Saturday, June 6, 2015

First Days on the Finger Lakes Trail

On the border of PA and NY, 1.1 miles along the Finger Lakes Trail
My father, Douglas Houskeeper, at 1.1 miles along the Finger Lakes Trail
The journey has begun! In fact, I am on day 3 of the hike and it has been an absolute dream thus far. My father and I have been graced with the most beautiful weather for hiking - cool mornings and evenings and no warmer than the high seventies during the day, as well as blue skies - the plants have been PLENTIFUL, so many I seem to stop every few feet to take a photo or examine a new species, the insects have been kept at bay thanks to the cool temps, the trail has been a series of mostly moderate ups and downs, but above all it has been a gift to be hiking in my familiar woods again. Sure, I've never been through this particular part of the state before, but as I walk I am keenly aware of how at home I feel amongst these trees, these flowers, these modest round-top mountains, and treading atop the rocky black dirt of the northeast. I am grateful that I get to spend the next two months at home in these woods.

A portion of the trail through Allegany State Park that followed an old railroad bed - we found just one piece of rusted iron from the track, all other traces were long gone
Wild Geranium - Geranium maculatum
English Plantain (Plantago lanceolata)
Blue Star Grass (Sisyrinchium spp.)
As my father and I made the drive on Tuesday, I was very aware of how after we passed the traffic of Scranton and then nearby Binghampton, the exits for nearby towns seemed to be fewer and further between. Past an exit for Ithaca and then through Elmira, highway 86 then became bumpy and rutted and shared the road with only the occasional Mack Truck. We drove through a narrow valley made up of green rounded ridges on either side and sparkling rivers - the Susquehanna, Cohocton, and Genesee. This landscape was spacious. I recognized town names on the passing signs from my maps, and realized that we were indeed following (at times) the same route that the trail would. Yes this trail would be different from the frequent civilization of the Mountains to Sea Trail, however similar in that there would be few to no hikers.

Thus far, I have been right. We saw just one couple that was hiking together roll into the first shelter we stayed at, Willis Creek, and the next day, a father and son out foraging for Chaga. Oh...and our awesome shuttle person, Gene Cornelius!

I reached out to Gene, a member of the Finger Lakes Trail Conference and FLT trail crew leader, who lives in the area to see if he could help with shuttling us to the beginning of the trail. Well Gene not only helped us out with a ride but made a point to cruise by where the trail would exit the woods near Salamanca, the town we'd be walking into on our third day. As we did, and saw little sign of the trail, he suspected there may be a reroute.
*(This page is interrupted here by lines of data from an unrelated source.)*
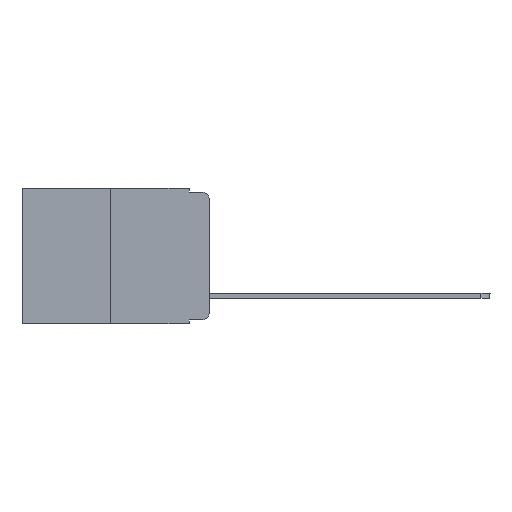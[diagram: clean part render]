
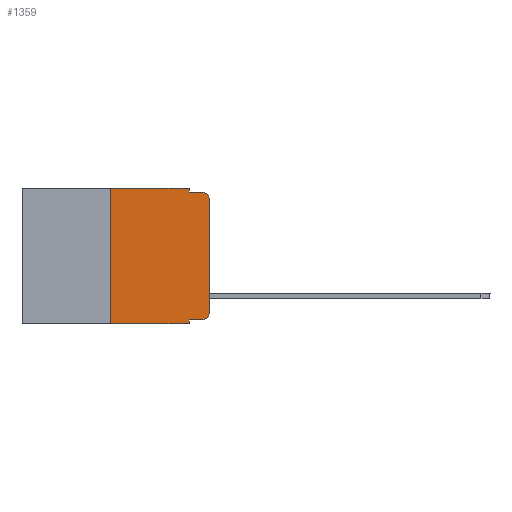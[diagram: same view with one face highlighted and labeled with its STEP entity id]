
A CAD part, left-side view. The second image highlights one B-rep face of the part: STEP entity #1359.
In plain terms, the highlighted planar face has unit normal (-1, 0, 0).
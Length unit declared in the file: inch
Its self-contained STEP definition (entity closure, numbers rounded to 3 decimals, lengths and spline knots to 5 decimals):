
#729 = EDGE_CURVE ( 'NONE', #6791, #17240, #6576, .T. ) ;
#777 = ORIENTED_EDGE ( 'NONE', *, *, #729, .F. ) ;
#826 = EDGE_CURVE ( 'NONE', #3037, #17719, #5583, .T. ) ;
#1359 = ADVANCED_FACE ( 'NONE', ( #5025 ), #5320, .F. ) ;
#1525 = CARTESIAN_POINT ( 'NONE',  ( 0., 0.051, 0. ) ) ;
#1740 = VERTEX_POINT ( 'NONE', #13038 ) ;
#2091 = CARTESIAN_POINT ( 'NONE',  ( 0., 0., 0. ) ) ;
#2149 = DIRECTION ( 'NONE',  ( 0., 0., -1. ) ) ;
#2154 = DIRECTION ( 'NONE',  ( 0., 0., 1. ) ) ;
#2298 = CIRCLE ( 'NONE', #15393, 0.02 ) ;
#2426 = VECTOR ( 'NONE', #6390, 39.37008 ) ;
#2635 = EDGE_CURVE ( 'NONE', #5355, #3037, #2298, .T. ) ;
#2716 = VERTEX_POINT ( 'NONE', #16918 ) ;
#3037 = VERTEX_POINT ( 'NONE', #3098 ) ;
#3048 = DIRECTION ( 'NONE',  ( 0., -1., 0. ) ) ;
#3098 = CARTESIAN_POINT ( 'NONE',  ( 0., 0., -0.313 ) ) ;
#3323 = LINE ( 'NONE', #19045, #15405 ) ;
#3374 = CARTESIAN_POINT ( 'NONE',  ( 0., 0.051, 0. ) ) ;
#3549 = VERTEX_POINT ( 'NONE', #16658 ) ;
#4107 = CARTESIAN_POINT ( 'NONE',  ( 0., 0.02, -0.313 ) ) ;
#4284 = CARTESIAN_POINT ( 'NONE',  ( 0., 0.473, -0.343 ) ) ;
#4493 = ORIENTED_EDGE ( 'NONE', *, *, #6242, .T. ) ;
#5025 = FACE_OUTER_BOUND ( 'NONE', #9162, .T. ) ;
#5320 = PLANE ( 'NONE',  #19250 ) ;
#5347 = DIRECTION ( 'NONE',  ( 0., 0., 1. ) ) ;
#5355 = VERTEX_POINT ( 'NONE', #18686 ) ;
#5583 = LINE ( 'NONE', #2091, #7311 ) ;
#5720 = ORIENTED_EDGE ( 'NONE', *, *, #6429, .F. ) ;
#6242 = EDGE_CURVE ( 'NONE', #1740, #5355, #11247, .T. ) ;
#6275 = VECTOR ( 'NONE', #5347, 39.37008 ) ;
#6327 = LINE ( 'NONE', #1525, #14233 ) ;
#6390 = DIRECTION ( 'NONE',  ( 0., 0., -1. ) ) ;
#6394 = DIRECTION ( 'NONE',  ( 0., -1., 0. ) ) ;
#6429 = EDGE_CURVE ( 'NONE', #2716, #7744, #9513, .T. ) ;
#6453 = CARTESIAN_POINT ( 'NONE',  ( 0., 0.051, -0.01 ) ) ;
#6486 = CIRCLE ( 'NONE', #10402, 0.02 ) ;
#6523 = LINE ( 'NONE', #6453, #16402 ) ;
#6576 = LINE ( 'NONE', #3374, #2426 ) ;
#6715 = ORIENTED_EDGE ( 'NONE', *, *, #9483, .T. ) ;
#6791 = VERTEX_POINT ( 'NONE', #18675 ) ;
#7311 = VECTOR ( 'NONE', #2154, 39.37008 ) ;
#7744 = VERTEX_POINT ( 'NONE', #17287 ) ;
#8405 = VERTEX_POINT ( 'NONE', #18837 ) ;
#8460 = EDGE_CURVE ( 'NONE', #17240, #3549, #6523, .T. ) ;
#9016 = DIRECTION ( 'NONE',  ( 0., 0., -1. ) ) ;
#9162 = EDGE_LOOP ( 'NONE', ( #12681, #6715, #16431, #777, #18192, #5720, #10269, #15348, #4493, #9957 ) ) ;
#9479 = EDGE_CURVE ( 'NONE', #2716, #8405, #16112, .T. ) ;
#9483 = EDGE_CURVE ( 'NONE', #17719, #3549, #6486, .T. ) ;
#9513 = LINE ( 'NONE', #14802, #6275 ) ;
#9957 = ORIENTED_EDGE ( 'NONE', *, *, #2635, .T. ) ;
#10219 = VECTOR ( 'NONE', #16887, 39.37008 ) ;
#10269 = ORIENTED_EDGE ( 'NONE', *, *, #9479, .T. ) ;
#10402 = AXIS2_PLACEMENT_3D ( 'NONE', #19955, #18519, #13868 ) ;
#11247 = LINE ( 'NONE', #12882, #14433 ) ;
#11900 = DIRECTION ( 'NONE',  ( 0., 0., -1. ) ) ;
#12681 = ORIENTED_EDGE ( 'NONE', *, *, #826, .T. ) ;
#12882 = CARTESIAN_POINT ( 'NONE',  ( 0., 0.051, -0.333 ) ) ;
#13038 = CARTESIAN_POINT ( 'NONE',  ( 0., 0.051, -0.333 ) ) ;
#13382 = EDGE_CURVE ( 'NONE', #1740, #8405, #6327, .T. ) ;
#13868 = DIRECTION ( 'NONE',  ( 0., 0., -1. ) ) ;
#14233 = VECTOR ( 'NONE', #2149, 39.37008 ) ;
#14433 = VECTOR ( 'NONE', #6394, 39.37008 ) ;
#14802 = CARTESIAN_POINT ( 'NONE',  ( 0., 0.25, 0. ) ) ;
#15348 = ORIENTED_EDGE ( 'NONE', *, *, #13382, .F. ) ;
#15393 = AXIS2_PLACEMENT_3D ( 'NONE', #4107, #19983, #9016 ) ;
#15405 = VECTOR ( 'NONE', #15859, 39.37008 ) ;
#15859 = DIRECTION ( 'NONE',  ( 0., -1., 0. ) ) ;
#15989 = EDGE_CURVE ( 'NONE', #7744, #6791, #3323, .T. ) ;
#16112 = LINE ( 'NONE', #4284, #10219 ) ;
#16402 = VECTOR ( 'NONE', #3048, 39.37008 ) ;
#16431 = ORIENTED_EDGE ( 'NONE', *, *, #8460, .F. ) ;
#16658 = CARTESIAN_POINT ( 'NONE',  ( 0., 0.02, -0.01 ) ) ;
#16887 = DIRECTION ( 'NONE',  ( 0., -1., 0. ) ) ;
#16918 = CARTESIAN_POINT ( 'NONE',  ( 0., 0.25, -0.343 ) ) ;
#17240 = VERTEX_POINT ( 'NONE', #18818 ) ;
#17287 = CARTESIAN_POINT ( 'NONE',  ( 0., 0.25, 0. ) ) ;
#17719 = VERTEX_POINT ( 'NONE', #18946 ) ;
#18120 = CARTESIAN_POINT ( 'NONE',  ( 0., 0.473, 0. ) ) ;
#18192 = ORIENTED_EDGE ( 'NONE', *, *, #15989, .F. ) ;
#18195 = DIRECTION ( 'NONE',  ( 1., 0., 0. ) ) ;
#18519 = DIRECTION ( 'NONE',  ( -1., 0., 0. ) ) ;
#18675 = CARTESIAN_POINT ( 'NONE',  ( 0., 0.051, 0. ) ) ;
#18686 = CARTESIAN_POINT ( 'NONE',  ( 0., 0.02, -0.333 ) ) ;
#18818 = CARTESIAN_POINT ( 'NONE',  ( 0., 0.051, -0.01 ) ) ;
#18837 = CARTESIAN_POINT ( 'NONE',  ( 0., 0.051, -0.343 ) ) ;
#18946 = CARTESIAN_POINT ( 'NONE',  ( 0., 0., -0.03 ) ) ;
#19045 = CARTESIAN_POINT ( 'NONE',  ( 0., 0.473, 0. ) ) ;
#19250 = AXIS2_PLACEMENT_3D ( 'NONE', #18120, #18195, #11900 ) ;
#19955 = CARTESIAN_POINT ( 'NONE',  ( 0., 0.02, -0.03 ) ) ;
#19983 = DIRECTION ( 'NONE',  ( -1., 0., 0. ) ) ;
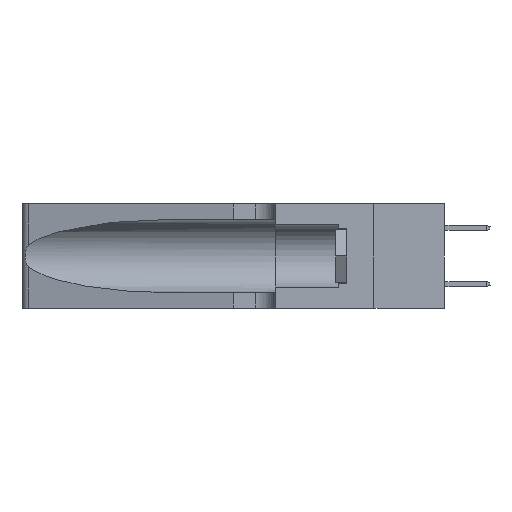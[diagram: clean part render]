
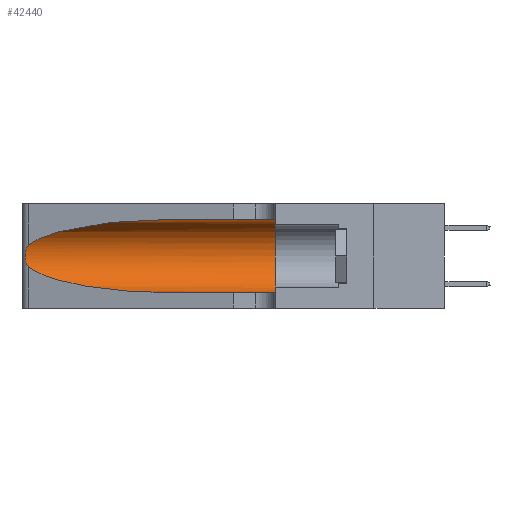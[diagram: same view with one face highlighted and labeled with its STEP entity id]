
A CAD part, left-side view. The second image highlights one B-rep face of the part: STEP entity #42440.
In plain terms, the highlighted cylindrical face has radius 3.308 mm (diameter 6.617 mm), a partial arc.
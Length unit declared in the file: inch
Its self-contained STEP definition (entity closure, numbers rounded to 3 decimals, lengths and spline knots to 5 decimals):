
#980 = LINE ( 'NONE', #6020, #17817 ) ;
#1647 = CARTESIAN_POINT ( 'NONE',  ( 0.25789, 1.23486, 0.15765 ) ) ;
#2142 = ORIENTED_EDGE ( 'NONE', *, *, #23699, .T. ) ;
#2274 = CARTESIAN_POINT ( 'NONE',  ( 0.26075, 1.23896, 0.19203 ) ) ;
#2929 = CARTESIAN_POINT ( 'NONE',  ( 0.1305, 0.35, 0.185 ) ) ;
#4261 = AXIS2_PLACEMENT_3D ( 'NONE', #2929, #14893, #39624 ) ;
#4267 = CARTESIAN_POINT ( 'NONE',  ( 0.25487, 1.22718, 0.22369 ) ) ;
#4334 = CYLINDRICAL_SURFACE ( 'NONE', #15930, 0.13025 ) ;
#5470 = CARTESIAN_POINT ( 'NONE',  ( 0.26018, 1.23835, 0.19895 ) ) ;
#5583 = EDGE_CURVE ( 'NONE', #40610, #33035, #27190, .T. ) ;
#5617 = CARTESIAN_POINT ( 'NONE',  ( 0.26017, 1.23833, 0.17102 ) ) ;
#6020 = CARTESIAN_POINT ( 'NONE',  ( 0.1305, 1.61858, 0.05475 ) ) ;
#8435 = EDGE_LOOP ( 'NONE', ( #40815, #2142, #34988, #43154, #10955, #36526 ) ) ;
#9356 = CARTESIAN_POINT ( 'NONE',  ( 0.25555, 1.22994, 0.2215 ) ) ;
#9531 = DIRECTION ( 'NONE',  ( 0., -1., 0. ) ) ;
#10226 = CARTESIAN_POINT ( 'NONE',  ( 0.25555, 1.22993, 0.14849 ) ) ;
#10253 = CARTESIAN_POINT ( 'NONE',  ( 0.25854, 1.2359, 0.20912 ) ) ;
#10955 = ORIENTED_EDGE ( 'NONE', *, *, #19925, .F. ) ;
#11093 = CARTESIAN_POINT ( 'NONE',  ( 0.1305, 0.72297, 0.05475 ) ) ;
#11561 = B_SPLINE_CURVE_WITH_KNOTS ( 'NONE', 3,
 ( #4267, #9356, #26675, #25942, #10253, #5470, #2274, #15472, #5617, #43869, #1647, #24186, #10226, #44586 ),
 .UNSPECIFIED., .F., .F.,
 ( 4, 2, 2, 2, 2, 2, 4 ),
 ( 0., 0.00027, 0.00053, 0.00107, 0.0016, 0.00187, 0.00214 ),
 .UNSPECIFIED. ) ;
#13289 = CARTESIAN_POINT ( 'NONE',  ( 0.1305, 0.72297, 0.31525 ) ) ;
#14893 = DIRECTION ( 'NONE',  ( 0., 1., 0. ) ) ;
#15151 = DIRECTION ( 'NONE',  ( 0., 0., -1. ) ) ;
#15472 = CARTESIAN_POINT ( 'NONE',  ( 0.26075, 1.23896, 0.178 ) ) ;
#15930 = AXIS2_PLACEMENT_3D ( 'NONE', #25792, #36410, #15151 ) ;
#16741 = VECTOR ( 'NONE', #9531, 39.37008 ) ;
#17757 = CARTESIAN_POINT ( 'NONE',  ( 0.25487, 1.22718, 0.14631 ) ) ;
#17817 = VECTOR ( 'NONE', #40919, 39.37008 ) ;
#17906 = CARTESIAN_POINT ( 'NONE',  ( 0.2373, 1.15595, 0.28018 ) ) ;
#18306 = CARTESIAN_POINT ( 'NONE',  ( 0.1305, 0.35, 0.31525 ) ) ;
#19464 = EDGE_CURVE ( 'NONE', #24624, #23870, #29854, .T. ) ;
#19925 = EDGE_CURVE ( 'NONE', #23870, #39601, #34662, .T. ) ;
#23360 = CARTESIAN_POINT ( 'NONE',  ( 0.1305, 1.61858, 0.31525 ) ) ;
#23699 = EDGE_CURVE ( 'NONE', #26612, #40610, #11561, .T. ) ;
#23870 = VERTEX_POINT ( 'NONE', #18306 ) ;
#24186 = CARTESIAN_POINT ( 'NONE',  ( 0.25639, 1.23186, 0.15144 ) ) ;
#24624 = VERTEX_POINT ( 'NONE', #32522 ) ;
#25792 = CARTESIAN_POINT ( 'NONE',  ( 0.1305, 1.61858, 0.185 ) ) ;
#25942 = CARTESIAN_POINT ( 'NONE',  ( 0.25787, 1.23484, 0.2124 ) ) ;
#26612 = VERTEX_POINT ( 'NONE', #33915 ) ;
#26675 = CARTESIAN_POINT ( 'NONE',  ( 0.25639, 1.23184, 0.21858 ) ) ;
#26686 = EDGE_CURVE ( 'NONE', #24624, #26612, #29975, .T. ) ;
#27190 =( BOUNDED_CURVE ( )  B_SPLINE_CURVE ( 3, ( #17757, #28441, #41925, #11093 ),
 .UNSPECIFIED., .F., .F. ) 
 B_SPLINE_CURVE_WITH_KNOTS ( ( 4, 4 ),
 ( 3.44316, 4.71239 ),
 .UNSPECIFIED. ) 
 CURVE ( )  GEOMETRIC_REPRESENTATION_ITEM ( )  RATIONAL_B_SPLINE_CURVE ( ( 1., 0.87, 0.87, 1. ) ) 
 REPRESENTATION_ITEM ( '' )  );
#28441 = CARTESIAN_POINT ( 'NONE',  ( 0.2373, 1.15595, 0.08982 ) ) ;
#29854 = LINE ( 'NONE', #23360, #16741 ) ;
#29975 =( BOUNDED_CURVE ( )  B_SPLINE_CURVE ( 3, ( #13289, #41017, #17906, #41914 ),
 .UNSPECIFIED., .F., .T. ) 
 B_SPLINE_CURVE_WITH_KNOTS ( ( 4, 4 ),
 ( 1.5708, 2.84003 ),
 .UNSPECIFIED. ) 
 CURVE ( )  GEOMETRIC_REPRESENTATION_ITEM ( )  RATIONAL_B_SPLINE_CURVE ( ( 1., 0.87, 0.87, 1. ) ) 
 REPRESENTATION_ITEM ( '' )  );
#30077 = CARTESIAN_POINT ( 'NONE',  ( 0.25487, 1.22718, 0.14631 ) ) ;
#31448 = CARTESIAN_POINT ( 'NONE',  ( 0.1305, 0.35, 0.05475 ) ) ;
#32522 = CARTESIAN_POINT ( 'NONE',  ( 0.1305, 0.72297, 0.31525 ) ) ;
#33035 = VERTEX_POINT ( 'NONE', #40690 ) ;
#33915 = CARTESIAN_POINT ( 'NONE',  ( 0.25487, 1.22718, 0.22369 ) ) ;
#34662 = CIRCLE ( 'NONE', #4261, 0.13025 ) ;
#34988 = ORIENTED_EDGE ( 'NONE', *, *, #5583, .T. ) ;
#36410 = DIRECTION ( 'NONE',  ( 0., -1., 0. ) ) ;
#36526 = ORIENTED_EDGE ( 'NONE', *, *, #19464, .F. ) ;
#36803 = EDGE_CURVE ( 'NONE', #33035, #39601, #980, .T. ) ;
#39601 = VERTEX_POINT ( 'NONE', #31448 ) ;
#39624 = DIRECTION ( 'NONE',  ( 0., 0., 1. ) ) ;
#40610 = VERTEX_POINT ( 'NONE', #30077 ) ;
#40690 = CARTESIAN_POINT ( 'NONE',  ( 0.1305, 0.72297, 0.05475 ) ) ;
#40708 = FACE_OUTER_BOUND ( 'NONE', #8435, .T. ) ;
#40815 = ORIENTED_EDGE ( 'NONE', *, *, #26686, .T. ) ;
#40919 = DIRECTION ( 'NONE',  ( 0., -1., 0. ) ) ;
#41017 = CARTESIAN_POINT ( 'NONE',  ( 0.18966, 0.96281, 0.31525 ) ) ;
#41914 = CARTESIAN_POINT ( 'NONE',  ( 0.25487, 1.22718, 0.22369 ) ) ;
#41925 = CARTESIAN_POINT ( 'NONE',  ( 0.18966, 0.96281, 0.05475 ) ) ;
#42440 = ADVANCED_FACE ( 'NONE', ( #40708 ), #4334, .F. ) ;
#43154 = ORIENTED_EDGE ( 'NONE', *, *, #36803, .T. ) ;
#43869 = CARTESIAN_POINT ( 'NONE',  ( 0.25856, 1.23593, 0.16098 ) ) ;
#44586 = CARTESIAN_POINT ( 'NONE',  ( 0.25487, 1.22718, 0.14631 ) ) ;
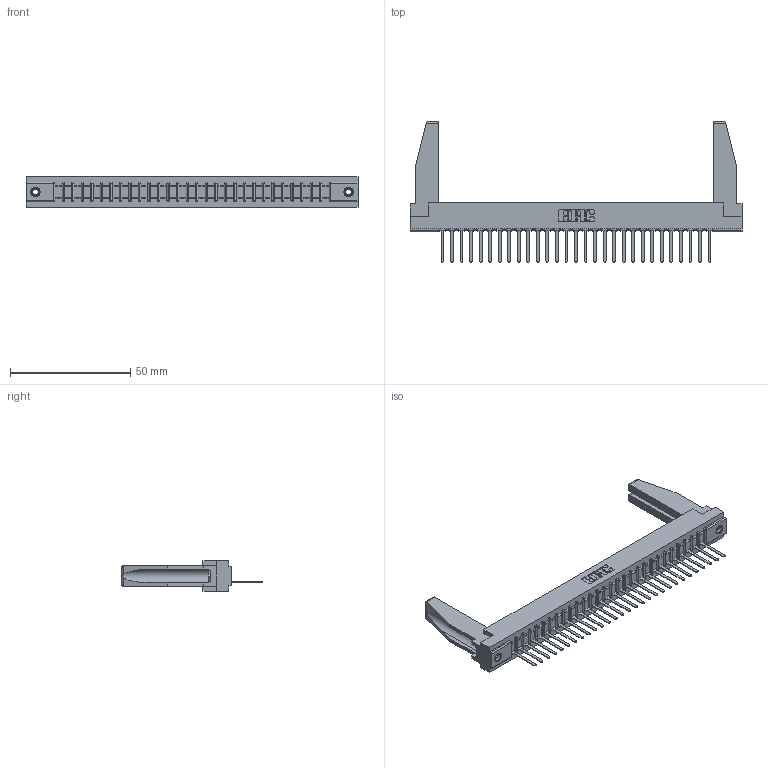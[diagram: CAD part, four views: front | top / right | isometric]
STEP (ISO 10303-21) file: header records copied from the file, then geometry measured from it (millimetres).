
FILE_DESCRIPTION (( 'STEP AP203' ), '1' );
FILE_NAME ('307-029-541-178.STEP', '2019-09-05T03:42:13', ( '' ), ( '' ), 'SwSTEP 2.0', 'SolidWorks 2016', '' );
FILE_SCHEMA (( 'CONFIG_CONTROL_DESIGN' ));
Length unit declared in the file: inch
Products named in the file (5): 307-220-078; 307 Part_.156 Dia Mounting Holes; 307-290-002_541; 345-250-001_345-250-001-102; 307-029-541-178
Assembly tree (34 placements, depth 2):
  307-029-541-178
    307 Part_.156 Dia Mounting Holes
    307-290-002_541  x29
    307-220-078  x2
    345-250-001_345-250-001-102  x2
Bounding box: 137.92 x 58.29 x 12.7 mm (x, y, z)
Volume: 18737.6 mm3; surface area: 22606.3 mm2
Topology: 34 solids, 34 shells, 2424 faces, 7381 edges, 4830 vertices
Faces by surface type: plane 1459, cylinder 889, sphere 60, cone 12, torus 4
Entity records: 29621 total; most frequent: CARTESIAN_POINT 4994, ORIENTED_EDGE 4940, DIRECTION 4814, EDGE_CURVE 2470, LINE 1890, VECTOR 1890, VERTEX_POINT 1600, AXIS2_PLACEMENT_3D 1462

Although there was little to no cell service, he said he would try and give us a ring throughout the day with more information. Gene did more than give us a ring...he walked the trail from a road crossing and appeared at the Willis Creek Lean-to later that evening with a sketched map of the reroute and point by point instructions. He was concerned we'd get turned out trying to find our way back to town. Trail people are some of the most thoughtful folks I've ever met. Thank you, Gene!

Part of the reroute that Gene informed us of - we walked this ATV trail along the power lines for 1.5 miles.
As you can see from the photo above, this trail is still expected to have its bits and pieces of civilized turf connecting the wilderness portions and lemme tell was a just a lil strange after being in the silence of the woods with nothing more than owl hoot, birdsong, and snapping of twigs for over 2 days, to walk this path with the hum of I-86 just behind the trees. And then, after literally hopping, splashing, and sinking through a mud swamp at the end of these lines due to construction, to glimpse the golden arches of McDonalds above the treetops and then, the massive structure that is the Seneca Casino here in Salamanca.

Signs such as these have been frequent, regularly reminding me of just how far I'm going
And now I hike on! I figure I should be in Ellicottville within the next 3 days. This will be the first leg of the trek on my own without the security of knowing I have a vehicle and hotel waiting for me once I reach town. A wee daunting. But also so awesome to be on a trail completely unknown to me with the chance of beauty hidden just over each ascent, descent, or around the bend.